Yo mismo, temiendo morir y dejar indefensos a mis adorables gatitos, tomé la decisión de salir a la calle con una pancarta en la que me reconocía como Slictik, el malucho e ignorado escritor que había anticipado la próxima pandemia en un relato titulado “Apocalipsis ventoso”. La pancarta era enorme porque en ella había escrito un manifiesto sobre el amor y sobre cómo la humanidad podría salir de este bache si hiciera esto y lo otro y lo de más allá. Siempre he sido un escritor muy prolífico. Tras de mí y la pancarta todos mis gatitos y los que se fueron uniendo en los pueblos que atravesaba, a paso tortuga, por supuesto, maullaban lastimeramente, no porque tuvieran hambre, porque tras de mí llevaba mi coche cargado de pienso y comidita rica para gatitos. Como no me quedaba para gasolina, me até los cinturones de cuero que no utilizaba a la cintura, ya tan magra que daba pena. Menos mal que mi pueblo está muy alto y de momento todo es cuesta abajo. Nadie me creyó, todos se burlaron de mí, me despreciaron como el escritor ignorado y malucho que soy. No creyeron que fuera vidente ni profeta ni nada. A grandes voces clamaba que podía demostrar que mi relato era anterior a la pandemia ventosa. Se rieron con más ganas, las fechas se pueden manipular en Internet, todo se puede manipular en el mundo virtual.

No me importa, seguiré clamando en el desierto.  Al menos algo bueno ha tenido esta pandemia. No sé si fue debido a la programación del genetista más tonto que el que asó la manteca, que trabajaba en un laboratorio de guerra biológica para alguna gran potencia o a una extraña y milagrosa mutación, lo importante es que todos los psicópatas, sociópatas, asesinos en serie, asesinos de niños del mundo fueron reconocidos por el silbido de serpiente de sus ventosidades. Algunos se arrojaron al mar, con las piedras de molino que encontraron, pocas, para cumplir con la maldición evangélica sobre los que escandalizaren a los pequeñuelos, mucho más si los matan. El resto fue encerrado en estrechas celdas donde sus ventosidades de silbidos de serpiente rebotaban en las paredes y regresaban a ellos una y otra vez.

Esto es un infierno, me tiemblan las piernas y he decidido castigarme con un látigo de piel de serpiente por haber comido tanto en esta vida. Pero a pesar de ello sigo mi cruzada profética.
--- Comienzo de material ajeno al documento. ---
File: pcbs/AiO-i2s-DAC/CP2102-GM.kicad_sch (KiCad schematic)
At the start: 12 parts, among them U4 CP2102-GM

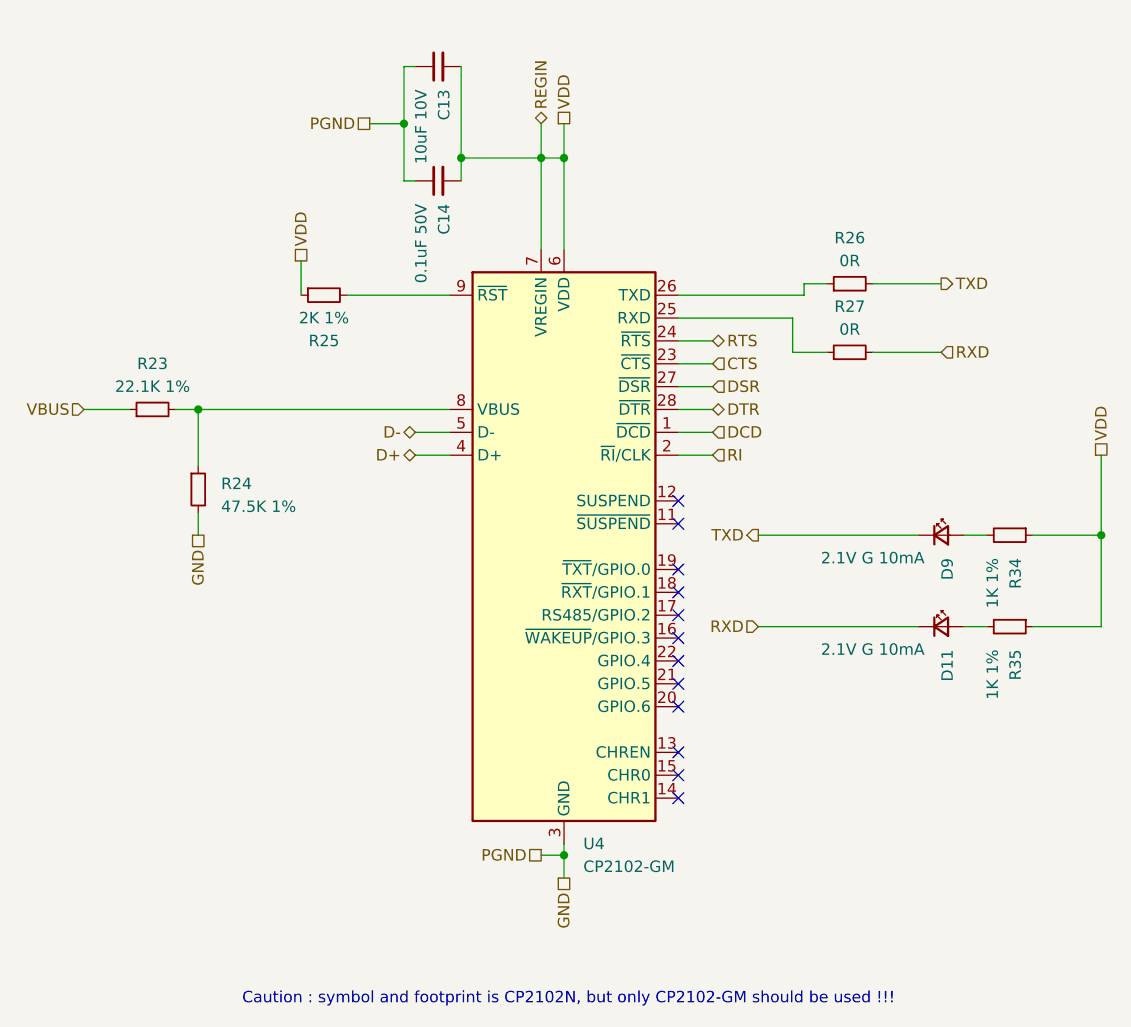
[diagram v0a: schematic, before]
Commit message: Adding equivalent JLCPCB values
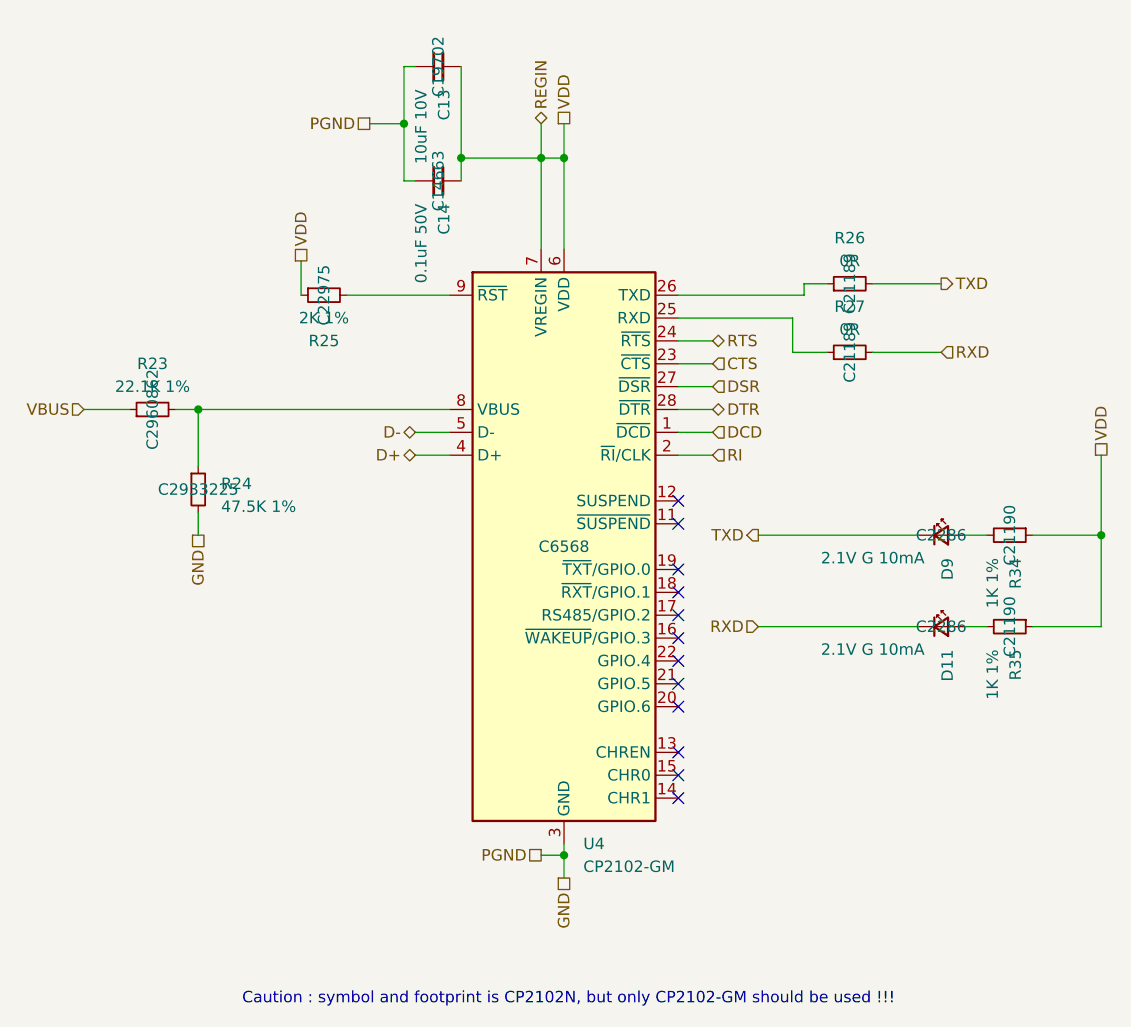
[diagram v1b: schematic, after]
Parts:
- C13: LCSC (none) -> C19702
- C14: LCSC (none) -> C14663
- D11, D9: LCSC (none) -> C2286
- R23: LCSC (none) -> C2960862
- R24: LCSC (none) -> C2933225
- R25: LCSC (none) -> C22975
- R26, R27: LCSC (none) -> C21189
- R34, R35: LCSC (none) -> C21190
- U4: LCSC (none) -> C6568
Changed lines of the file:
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@@
+			)
+		)
+		(property "LCSC" "C21190"
+			(at 203.2 100.33 0)
+			(effects
+				(font
+					(size 1.27 1.27)
+				)
 			)
 		)
@@
 			)
 		)
+		(property "LCSC" "C14663"
+			(at 139.7 60.96 0)
+			(effects
+				(font
+					(size 1.27 1.27)
+				)
+			)
+		)
 		(pin "1"
 		)
@@
 			)
 		)
+		(property "LCSC" "C2286"
+			(at 195.58 110.49 0)
+			(effects
+				(font
+					(size 1.27 1.27)
+				)
+			)
+		)
 		(pin "1"
 		)
@@
 				)
 				(hide yes)
+			)
+		)
+		(property "LCSC" "C2286"
+			(at 195.58 100.33 0)
+			(effects
+				(font
+					(size 1.27 1.27)
+				)
 			)
 		)
@@
 			)
 		)
+		(property "LCSC" "C21189"
+			(at 185.42 80.01 0)
+			(effects
+				(font
+					(size 1.27 1.27)
+				)
+			)
+		)
 		(pin "1"
 		)
@@
 			)
 		)
+		(property "LCSC" "C19702"
+			(at 139.7 48.26 0)
+			(effects
+				(font
+					(size 1.27 1.27)
+				)
+			)
+		)
 		(pin "1"
 		)
@@
 			)
 		)
+		(property "LCSC" "C2960862"
+			(at 107.95 86.36 0)
+			(effects
+				(font
+					(size 1.27 1.27)
+				)
+			)
+		)
 		(pin "1"
 		)
@@
 			)
 		)
+		(property "LCSC" "C21190"
+			(at 203.2 110.49 0)
+			(effects
+				(font
+					(size 1.27 1.27)
+				)
+			)
+		)
 		(pin "1"
 		)
@@
 			)
 		)
+		(property "LCSC" "C21189"
+			(at 185.42 72.39 0)
+			(effects
+				(font
+					(size 1.27 1.27)
+				)
+			)
+		)
 		(pin "1"
 		)
@@
 			)
 		)
+		(property "LCSC" "C22975"
+			(at 127 73.66 0)
+			(effects
+				(font
+					(size 1.27 1.27)
+				)
+			)
+		)
 		(pin "1"
 		)
@@
 			)
 		)
+		(property "LCSC" "C2933225"
+			(at 113.03 95.25 0)
+			(effects
+				(font
+					(size 1.27 1.27)
+				)
+			)
+		)
 		(pin "1"
 		)
@@
 			)
 		)
+		(property "LCSC" "C6568"
+			(at 153.67 101.6 0)
+			(effects
+				(font
+					(size 1.27 1.27)
+				)
+			)
+		)

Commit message: LCSC BOM Preparation
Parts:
- C13: LCSC alt (none) -> C6119842
- C14: LCSC alt (none) -> C1591
- D11, D9: LCSC alt (none) -> C125093
- R23: LCSC alt (none) -> C2960862
- R24: LCSC alt (none) -> C2933225
- R25: LCSC alt (none) -> C237750
- R26, R27: LCSC alt (none) -> C21189
- R34, R35: LCSC alt (none) -> C22548
- U4: LCSC alt (none) -> C6568
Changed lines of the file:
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@@
+			)
+		)
+		(property "LCSC alt" "C22548"
+			(at 203.2 100.33 0)
+			(effects
+				(font
+					(size 1.27 1.27)
+				)
 			)
 		)
@@
 			)
 		)
+		(property "LCSC alt" "C1591"
+			(at 139.7 60.96 0)
+			(effects
+				(font
+					(size 1.27 1.27)
+				)
+			)
+		)
 		(pin "1"
 		)
@@
 			)
 		)
+		(property "LCSC alt" "C125093"
+			(at 195.58 110.49 0)
+			(effects
+				(font
+					(size 1.27 1.27)
+				)
+			)
+		)
 		(pin "1"
 		)
@@
 		)
 		(property "LCSC" "C2286"
+			(at 195.58 100.33 0)
+			(effects
+				(font
+					(size 1.27 1.27)
+				)
+			)
+		)
+		(property "LCSC alt" "C125093"
 			(at 195.58 100.33 0)
 			(effects
@@
 			)
 		)
+		(property "LCSC alt" "C21189"
+			(at 185.42 80.01 0)
+			(effects
+				(font
+					(size 1.27 1.27)
+				)
+			)
+		)
 		(pin "1"
 		)
@@
 			)
 		)
+		(property "LCSC alt" "C6119842"
+			(at 139.7 48.26 0)
+			(effects
+				(font
+					(size 1.27 1.27)
+				)
+			)
+		)
 		(pin "1"
 		)
@@
 			)
 		)
+		(property "LCSC alt" "C2960862"
+			(at 107.95 86.36 0)
+			(effects
+				(font
+					(size 1.27 1.27)
+				)
+			)
+		)
 		(pin "1"
 		)
@@
 			)
 		)
+		(property "LCSC alt" "C22548"
+			(at 203.2 110.49 0)
+			(effects
+				(font
+					(size 1.27 1.27)
+				)
+			)
+		)
 		(pin "1"
 		)
@@
 			)
 		)
+		(property "LCSC alt" "C21189"
+			(at 185.42 72.39 0)
+			(effects
+				(font
+					(size 1.27 1.27)
+				)
+			)
+		)
 		(pin "1"
 		)
@@
 			)
 		)
+		(property "LCSC alt" "C237750"
+			(at 127 73.66 0)
+			(effects
+				(font
+					(size 1.27 1.27)
+				)
+			)
+		)
 		(pin "1"
 		)
@@
 			)
 		)
+		(property "LCSC alt" "C2933225"
+			(at 113.03 95.25 0)
+			(effects
+				(font
+					(size 1.27 1.27)
+				)
+			)
+		)
 		(pin "1"
 		)
@@
 			(at 153.67 101.6 0)
 			(effects
+				(font
+					(size 1.27 1.27)
+				)
+			)
+		)
+		(property "LCSC alt" "C6568"
+			(at 153.67 101.6 0)
+			(effects

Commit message: Build prep
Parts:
- R23: LCSC C2960862 -> C6397988
- R24: LCSC C2933225 -> C403243
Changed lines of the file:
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@@
 					(size 1.27 1.27)
 				)
+				(hide yes)
 			)
 		)
@@
 					(size 1.27 1.27)
 				)
+				(hide yes)
 			)
 		)
@@
 					(size 1.27 1.27)
 				)
+				(hide yes)
 			)
 		)
@@
 					(size 1.27 1.27)
 				)
+				(hide yes)
 			)
 		)
@@
 					(size 1.27 1.27)
 				)
+				(hide yes)
 			)
 		)
@@
 					(size 1.27 1.27)
 				)
+				(hide yes)
 			)
 		)
@@
 					(size 1.27 1.27)
 				)
+				(hide yes)
 			)
 		)
@@
 					(size 1.27 1.27)
 				)
+				(hide yes)
 			)
 		)
@@
 					(size 1.27 1.27)
 				)
+				(hide yes)
 			)
 		)
@@
 					(size 1.27 1.27)
 				)
+				(hide yes)
 			)
 		)
@@
 					(size 1.27 1.27)
 				)
+				(hide yes)
 			)
 		)
@@
 					(size 1.27 1.27)
 				)
+				(hide yes)
 			)
 		)
@@
 			)
 		)
-		(property "LCSC" "C2960862"
+		(property "LCSC" "C6397988"
 			(at 107.95 86.36 0)
 			(effects
@@
 					(size 1.27 1.27)
 				)
+				(hide yes)
 			)
 		)
@@
 					(size 1.27 1.27)
 				)
+				(hide yes)
 			)
 		)
@@
 					(size 1.27 1.27)
 				)
+				(hide yes)
 			)
 		)
@@
 					(size 1.27 1.27)
 				)
+				(hide yes)
 			)
 		)
@@
 					(size 1.27 1.27)
 				)
+				(hide yes)
 			)
 		)
@@
 					(size 1.27 1.27)
 				)
+				(hide yes)
 			)
 		)
@@
 					(size 1.27 1.27)
 				)
+				(hide yes)
 			)
 		)
@@
 					(size 1.27 1.27)
 				)
+				(hide yes)
 			)
 		)
@@
 			)
 		)
-		(property "LCSC" "C2933225"
+		(property "LCSC" "C403243"
 			(at 113.03 95.25 0)
 			(effects
@@
 					(size 1.27 1.27)
 				)
+				(hide yes)
 			)
 		)
@@
 					(size 1.27 1.27)
 				)
+				(hide yes)
 			)
 		)
@@
 					(size 1.27 1.27)
 				)
+				(hide yes)
 			)
 		)
@@
 					(size 1.27 1.27)
 				)
-			)
-		)
+				(hide yes)
+			)
+		)
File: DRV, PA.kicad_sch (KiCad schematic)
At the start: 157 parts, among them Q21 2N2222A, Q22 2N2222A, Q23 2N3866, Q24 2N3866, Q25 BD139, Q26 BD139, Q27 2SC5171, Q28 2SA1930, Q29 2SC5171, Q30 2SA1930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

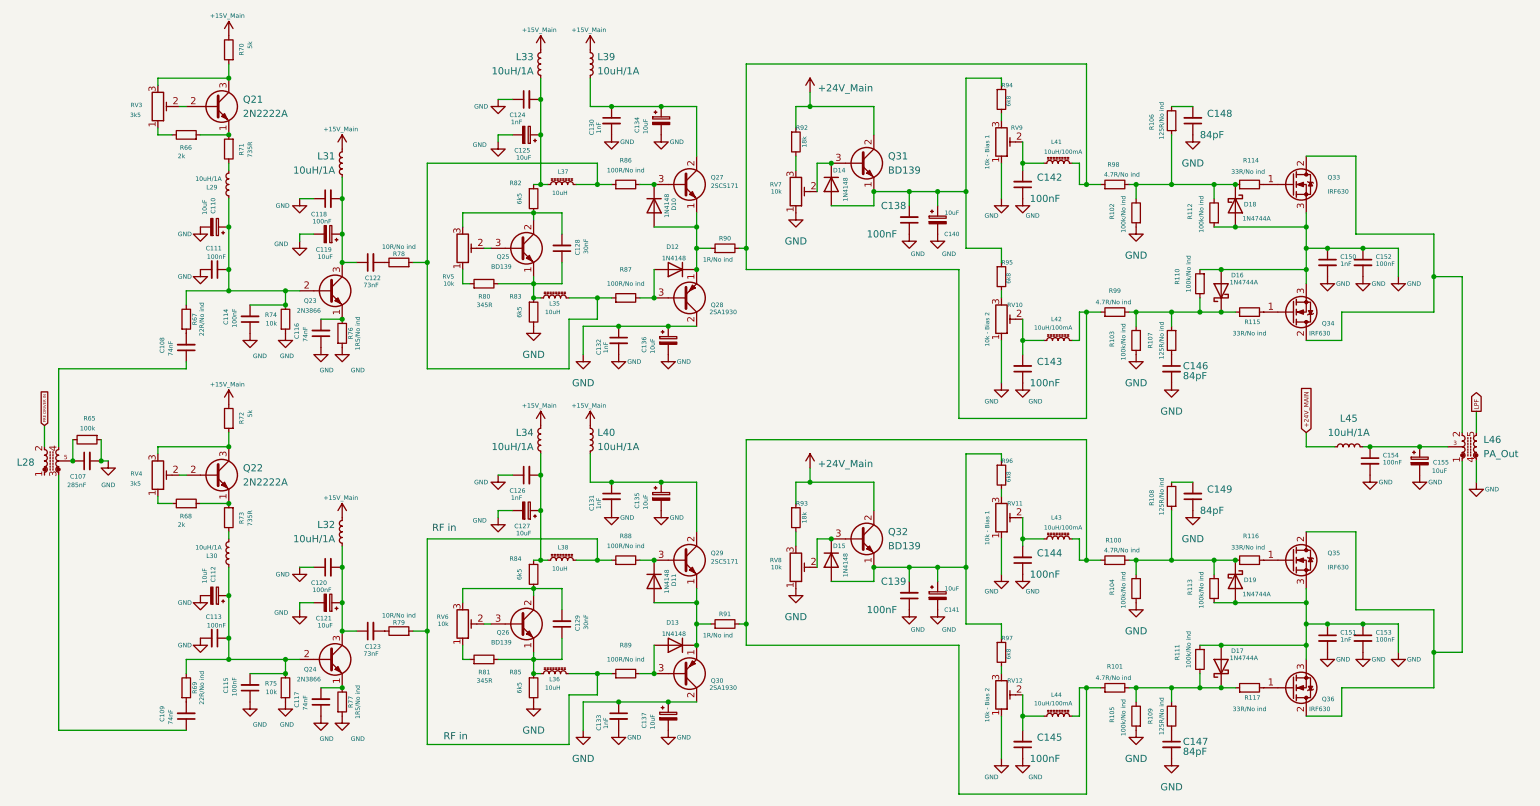
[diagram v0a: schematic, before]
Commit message: Start of testing on LTspice
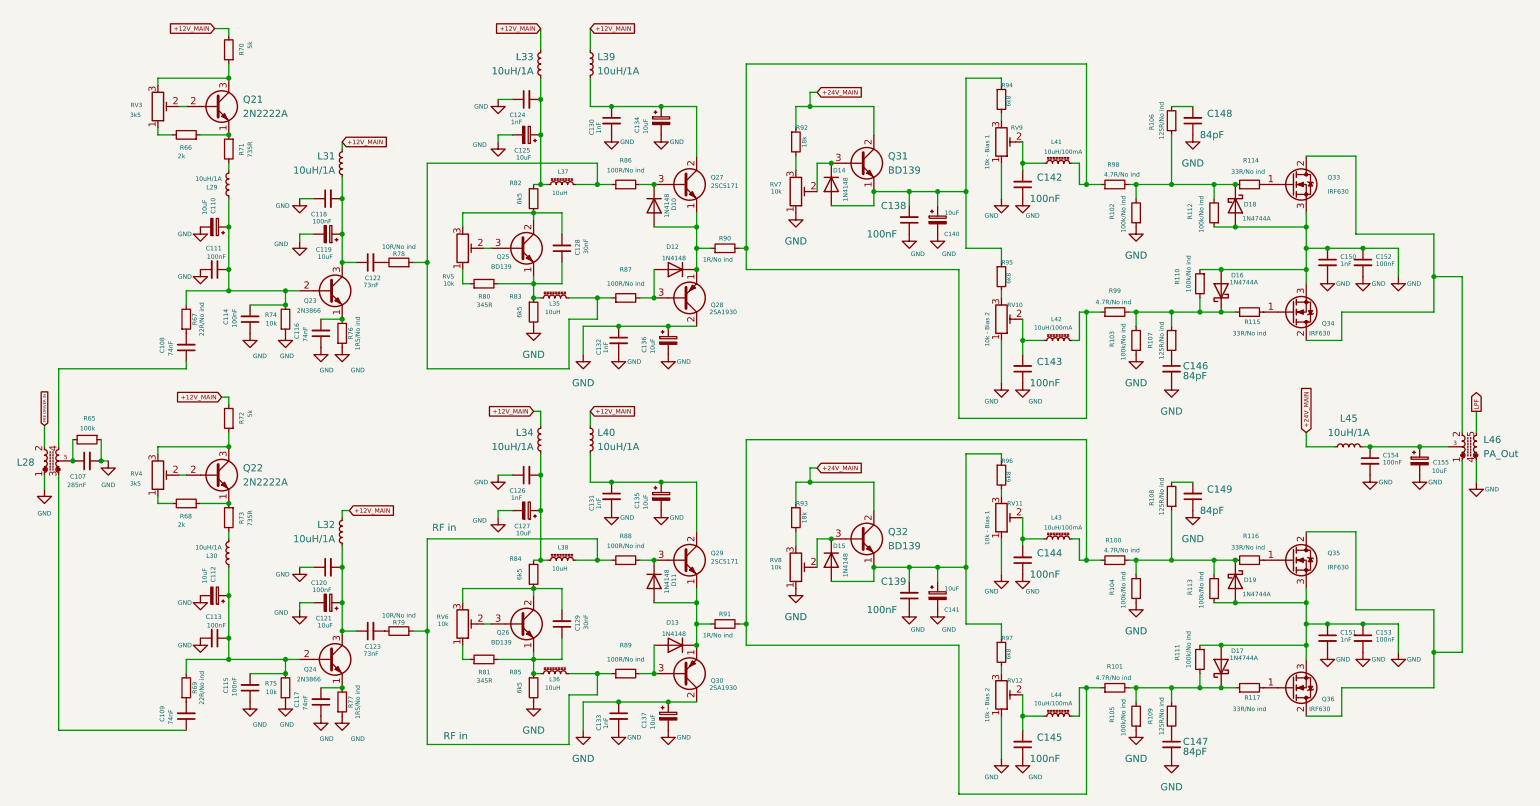
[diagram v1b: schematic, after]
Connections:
- net +24V_Main is gone; now on net +24V_MAIN: Q31.2 (C), Q32.2 (C), R92.1, R93.1
- net GND: now also L28.1
- net +15V_Main renamed +12V_MAIN

De vez en cuando descanso y todos los gatos vienen a mí, les acaricio, les beso en sus cabecitas angelicales y les doy su comidita rica. Yo también como algo para sobrevivir y continuar con la cruzada y no dejar huérfanos a mis gatitos. No me importa volverme trompetero, porque las trompetas del apocalipsis pueden ser también las trompetas del amor que se acerca tocando y cantando la novena sinfonía de Beethoven. Que así sea.